(Saved entries)
=== Section Start ===

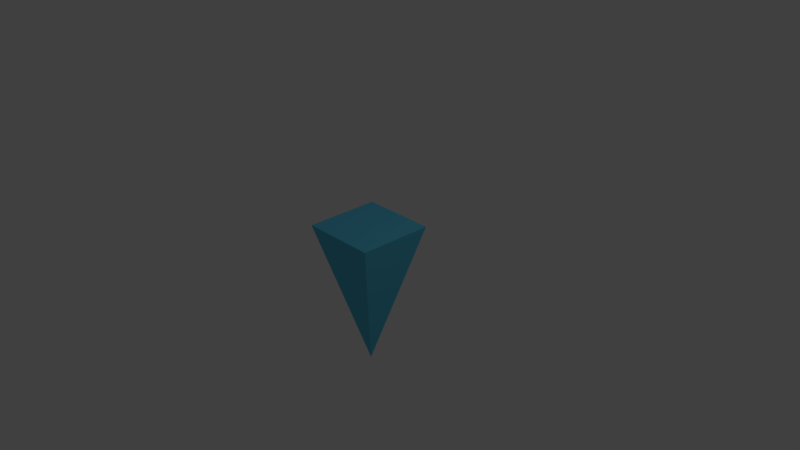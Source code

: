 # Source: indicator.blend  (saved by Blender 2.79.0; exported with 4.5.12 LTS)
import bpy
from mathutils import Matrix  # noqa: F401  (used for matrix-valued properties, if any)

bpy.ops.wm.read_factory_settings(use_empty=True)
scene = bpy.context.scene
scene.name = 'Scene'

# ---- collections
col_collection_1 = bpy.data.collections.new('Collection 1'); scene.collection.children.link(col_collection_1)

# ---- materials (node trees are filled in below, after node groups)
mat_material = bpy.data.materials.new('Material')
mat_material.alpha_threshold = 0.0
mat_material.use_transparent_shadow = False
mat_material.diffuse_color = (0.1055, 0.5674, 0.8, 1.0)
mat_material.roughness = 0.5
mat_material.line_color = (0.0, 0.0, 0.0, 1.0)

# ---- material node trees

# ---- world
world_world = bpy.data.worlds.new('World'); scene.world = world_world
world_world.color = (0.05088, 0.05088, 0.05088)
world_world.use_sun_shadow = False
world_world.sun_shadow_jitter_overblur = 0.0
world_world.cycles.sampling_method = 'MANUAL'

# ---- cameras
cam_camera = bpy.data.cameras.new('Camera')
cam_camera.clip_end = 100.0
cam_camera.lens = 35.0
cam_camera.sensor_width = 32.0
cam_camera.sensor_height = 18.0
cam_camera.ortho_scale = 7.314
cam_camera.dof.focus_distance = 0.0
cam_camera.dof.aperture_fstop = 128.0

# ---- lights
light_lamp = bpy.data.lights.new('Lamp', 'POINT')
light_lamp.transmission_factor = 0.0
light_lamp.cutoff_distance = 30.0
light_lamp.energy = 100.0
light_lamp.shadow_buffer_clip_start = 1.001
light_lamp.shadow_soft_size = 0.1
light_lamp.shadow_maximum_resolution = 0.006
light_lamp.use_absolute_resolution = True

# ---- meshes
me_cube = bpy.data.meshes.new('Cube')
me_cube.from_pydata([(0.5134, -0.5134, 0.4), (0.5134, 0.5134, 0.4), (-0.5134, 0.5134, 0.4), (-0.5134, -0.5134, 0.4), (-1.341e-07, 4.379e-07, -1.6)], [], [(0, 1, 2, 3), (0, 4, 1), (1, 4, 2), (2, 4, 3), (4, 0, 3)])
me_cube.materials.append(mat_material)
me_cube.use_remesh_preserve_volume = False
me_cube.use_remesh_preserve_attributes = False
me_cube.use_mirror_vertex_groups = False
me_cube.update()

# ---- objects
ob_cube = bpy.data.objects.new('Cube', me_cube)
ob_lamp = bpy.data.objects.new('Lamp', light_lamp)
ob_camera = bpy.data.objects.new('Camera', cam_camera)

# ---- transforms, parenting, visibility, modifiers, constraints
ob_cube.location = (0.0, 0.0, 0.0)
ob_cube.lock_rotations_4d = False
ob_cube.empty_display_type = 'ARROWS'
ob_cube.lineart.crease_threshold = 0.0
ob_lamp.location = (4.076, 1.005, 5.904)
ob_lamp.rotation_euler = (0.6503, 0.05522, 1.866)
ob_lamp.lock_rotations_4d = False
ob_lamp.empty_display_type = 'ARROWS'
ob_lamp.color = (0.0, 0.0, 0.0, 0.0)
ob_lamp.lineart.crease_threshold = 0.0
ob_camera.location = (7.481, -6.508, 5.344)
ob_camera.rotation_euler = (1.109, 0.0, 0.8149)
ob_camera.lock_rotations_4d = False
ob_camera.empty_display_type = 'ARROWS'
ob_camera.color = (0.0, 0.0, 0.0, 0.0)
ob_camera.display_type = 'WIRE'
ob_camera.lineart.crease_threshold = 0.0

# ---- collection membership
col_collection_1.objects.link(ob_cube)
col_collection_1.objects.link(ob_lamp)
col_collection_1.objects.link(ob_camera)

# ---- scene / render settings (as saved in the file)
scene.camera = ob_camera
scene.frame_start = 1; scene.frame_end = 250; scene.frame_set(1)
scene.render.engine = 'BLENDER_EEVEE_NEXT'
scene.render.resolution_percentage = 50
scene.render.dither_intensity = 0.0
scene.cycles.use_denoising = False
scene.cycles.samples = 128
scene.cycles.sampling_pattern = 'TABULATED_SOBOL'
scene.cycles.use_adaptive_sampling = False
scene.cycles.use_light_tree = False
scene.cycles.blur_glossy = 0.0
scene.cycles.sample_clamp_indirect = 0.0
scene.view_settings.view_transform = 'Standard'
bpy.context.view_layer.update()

=== Section End ===

▸ **Requirement**
Take the lines above from the one containing "light_lamp.shadow_soft_size = 0.1" to the one containing "scene.render.dither_intensity = 0.0" and retype them exactly, both ends included, with nothing added.

▸ **Expected output**
light_lamp.shadow_soft_size = 0.1
light_lamp.shadow_maximum_resolution = 0.006
light_lamp.use_absolute_resolution = True

# ---- meshes
me_cube = bpy.data.meshes.new('Cube')
me_cube.from_pydata([(0.5134, -0.5134, 0.4), (0.5134, 0.5134, 0.4), (-0.5134, 0.5134, 0.4), (-0.5134, -0.5134, 0.4), (-1.341e-07, 4.379e-07, -1.6)], [], [(0, 1, 2, 3), (0, 4, 1), (1, 4, 2), (2, 4, 3), (4, 0, 3)])
me_cube.materials.append(mat_material)
me_cube.use_remesh_preserve_volume = False
me_cube.use_remesh_preserve_attributes = False
me_cube.use_mirror_vertex_groups = False
me_cube.update()

# ---- objects
ob_cube = bpy.data.objects.new('Cube', me_cube)
ob_lamp = bpy.data.objects.new('Lamp', light_lamp)
ob_camera = bpy.data.objects.new('Camera', cam_camera)

# ---- transforms, parenting, visibility, modifiers, constraints
ob_cube.location = (0.0, 0.0, 0.0)
ob_cube.lock_rotations_4d = False
ob_cube.empty_display_type = 'ARROWS'
ob_cube.lineart.crease_threshold = 0.0
ob_lamp.location = (4.076, 1.005, 5.904)
ob_lamp.rotation_euler = (0.6503, 0.05522, 1.866)
ob_lamp.lock_rotations_4d = False
ob_lamp.empty_display_type = 'ARROWS'
ob_lamp.color = (0.0, 0.0, 0.0, 0.0)
ob_lamp.lineart.crease_threshold = 0.0
ob_camera.location = (7.481, -6.508, 5.344)
ob_camera.rotation_euler = (1.109, 0.0, 0.8149)
ob_camera.lock_rotations_4d = False
ob_camera.empty_display_type = 'ARROWS'
ob_camera.color = (0.0, 0.0, 0.0, 0.0)
ob_camera.display_type = 'WIRE'
ob_camera.lineart.crease_threshold = 0.0

# ---- collection membership
col_collection_1.objects.link(ob_cube)
col_collection_1.objects.link(ob_lamp)
col_collection_1.objects.link(ob_camera)

# ---- scene / render settings (as saved in the file)
scene.camera = ob_camera
scene.frame_start = 1; scene.frame_end = 250; scene.frame_set(1)
scene.render.engine = 'BLENDER_EEVEE_NEXT'
scene.render.resolution_percentage = 50
scene.render.dither_intensity = 0.0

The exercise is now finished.